I figure the sharper the axe, the easier my work will be (and I'm real lazy).  I need a 30-second break every half hour anyway...


----------



## Bigg_Redd (Nov 8, 2011)

basswidow said:
			
		

> I've had my Super Splitting axe two years now.  I treat it like I do all my tools.  It's abused.  I go thru the rounds and into gravel at times.  I've noticed I've lost some of the original sharp edge.  Still works fine.
> 
> My Question:
> 
> Have you sharpened your Fiskar axe and what did you use?  Does it matter or make much difference?



1) yes

2) a big bastard file

3) who knows?


----------



## pen (Nov 8, 2011)

Maybe I had a bad one, but I didn't have much luck w/ the fiskars sharpener.  The "teeth" wore off of the sharpening stones within a few uses.

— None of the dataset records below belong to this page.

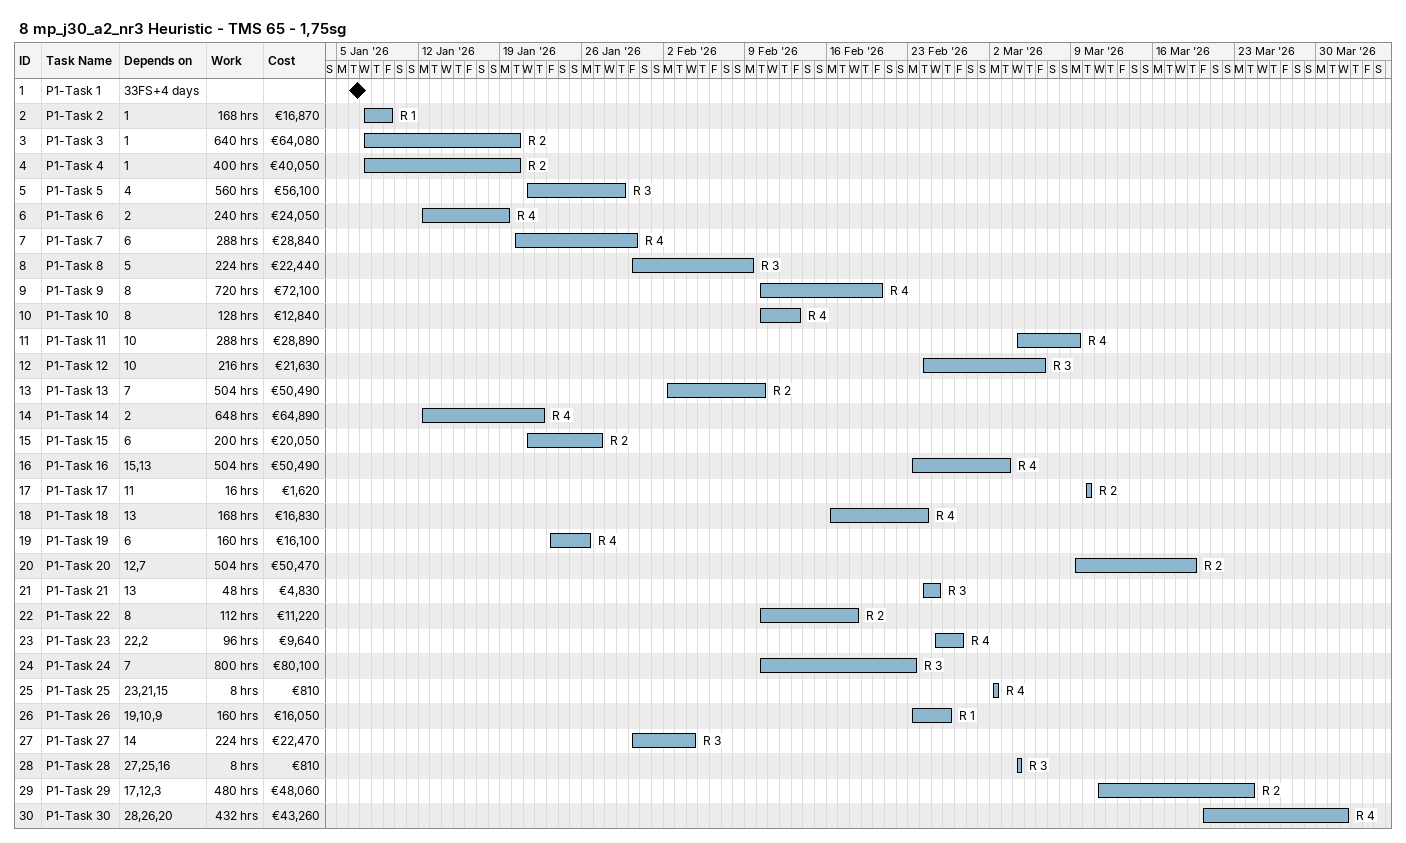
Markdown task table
8 mp_j30_a2_nr3 Heuristic - TMS 65 - 1,75sg

| ID | Task | Start | Finish | Predecessors | Resources | Work (h) | Cost (€) |
|---|---|---|---|---|---|---|---|
| 1 | P1-Task 1 (milestone) | 2026-01-06 | 2026-01-06 | 33FS+4d |  |  |  |
| 2 | P1-Task 2 | 2026-01-07 | 2026-01-09 | 1 | R 1 | 168 | 16870 |
| 3 | P1-Task 3 | 2026-01-07 | 2026-01-20 | 1 | R 2 | 640 | 64080 |
| 4 | P1-Task 4 | 2026-01-07 | 2026-01-20 | 1 | R 2 | 400 | 40050 |
| 5 | P1-Task 5 | 2026-01-21 | 2026-01-29 | 4 | R 3 | 560 | 56100 |
| 6 | P1-Task 6 | 2026-01-12 | 2026-01-19 | 2 | R 4 | 240 | 24050 |
| 7 | P1-Task 7 | 2026-01-20 | 2026-01-30 | 6 | R 4 | 288 | 28840 |
| 8 | P1-Task 8 | 2026-01-30 | 2026-02-09 | 5 | R 3 | 224 | 22440 |
| 9 | P1-Task 9 | 2026-02-10 | 2026-02-20 | 8 | R 4 | 720 | 72100 |
| 10 | P1-Task 10 | 2026-02-10 | 2026-02-13 | 8 | R 4 | 128 | 12840 |
| 11 | P1-Task 11 | 2026-03-04 | 2026-03-09 | 10 | R 4 | 288 | 28890 |
| 12 | P1-Task 12 | 2026-02-24 | 2026-03-06 | 10 | R 3 | 216 | 21630 |
| 13 | P1-Task 13 | 2026-02-02 | 2026-02-10 | 7 | R 2 | 504 | 50490 |
| 14 | P1-Task 14 | 2026-01-12 | 2026-01-22 | 2 | R 4 | 648 | 64890 |
| 15 | P1-Task 15 | 2026-01-21 | 2026-01-27 | 6 | R 2 | 200 | 20050 |
| 16 | P1-Task 16 | 2026-02-23 | 2026-03-03 | 15, 13 | R 4 | 504 | 50490 |
| 17 | P1-Task 17 | 2026-03-10 | 2026-03-10 | 11 | R 2 | 16 | 1620 |
| 18 | P1-Task 18 | 2026-02-16 | 2026-02-24 | 13 | R 4 | 168 | 16830 |
| 19 | P1-Task 19 | 2026-01-23 | 2026-01-26 | 6 | R 4 | 160 | 16100 |
| 20 | P1-Task 20 | 2026-03-09 | 2026-03-19 | 12, 7 | R 2 | 504 | 50470 |
| 21 | P1-Task 21 | 2026-02-24 | 2026-02-25 | 13 | R 3 | 48 | 4830 |
| 22 | P1-Task 22 | 2026-02-10 | 2026-02-18 | 8 | R 2 | 112 | 11220 |
| 23 | P1-Task 23 | 2026-02-25 | 2026-02-27 | 22, 2 | R 4 | 96 | 9640 |
| 24 | P1-Task 24 | 2026-02-10 | 2026-02-23 | 7 | R 3 | 800 | 80100 |
| 25 | P1-Task 25 | 2026-03-02 | 2026-03-02 | 23, 21, 15 | R 4 | 8 | 810 |
| 26 | P1-Task 26 | 2026-02-23 | 2026-02-26 | 19, 10, 9 | R 1 | 160 | 16050 |
| 27 | P1-Task 27 | 2026-01-30 | 2026-02-04 | 14 | R 3 | 224 | 22470 |
| 28 | P1-Task 28 | 2026-03-04 | 2026-03-04 | 27, 25, 16 | R 3 | 8 | 810 |
| 29 | P1-Task 29 | 2026-03-11 | 2026-03-24 | 17, 12, 3 | R 2 | 480 | 48060 |
| 30 | P1-Task 30 | 2026-03-20 | 2026-04-01 | 28, 26, 20 | R 4 | 432 | 43260 |

Now if I touch it up I just show it the grinder.  A good file would work well too.

pen


----------



## mecreature (Nov 8, 2011)

I have used a small fine file a couple times. I have not used a stone on it yet.
just a couple swipes to KO the edge a bit. keeps it sharp as can be.


----------



## midwestcoast (Nov 8, 2011)

Mine gets abused too. Chips & burrs... It would take a month on the fiskars sharpener to take those out.  A quick swipe with the grinder & then I'll use a large file to touch up.  I move the grinder quickly along the edge to try to keep from overheating it & lossing temper.
I have noticed a difference from very dull to sharp.  I've also noticed a difference between the teflon-slick coating it used to have & the rust spots it now has from being forgotten out in the rain.  :red:


----------



## DanCorcoran (Nov 8, 2011)

midwestcoast said:
			
		

> Mine gets abused too. Chips & burrs... It would take a month on the fiskars sharpener to take those out.  A quick swipe with the grinder & then I'll use a large file to touch up.  I move the grinder quickly along the edge to try to keep from overheating it & lossing temper.
> I have noticed a difference from very dull to sharp.  I've also noticed a difference between the teflon-slick coating it used to have & the rust spots it now has from being forgotten out in the rain.  :red:



I use silicone spray occasionally, to get back some of the "slick", if only temporarily.  I also used to spray the blade of my snow plow before plowing.  That seemed to make a noticeable difference.


----------



## nate379 (Nov 9, 2011)

Isn't a maul for splitting wood and an axe for chopping wood?


----------



## dave11 (Nov 9, 2011)

I use the fiskars sharpener, which is meant to maintain the correct angle. If you change the angle of the splitting edge you will change the way it splits, likely for the worse. 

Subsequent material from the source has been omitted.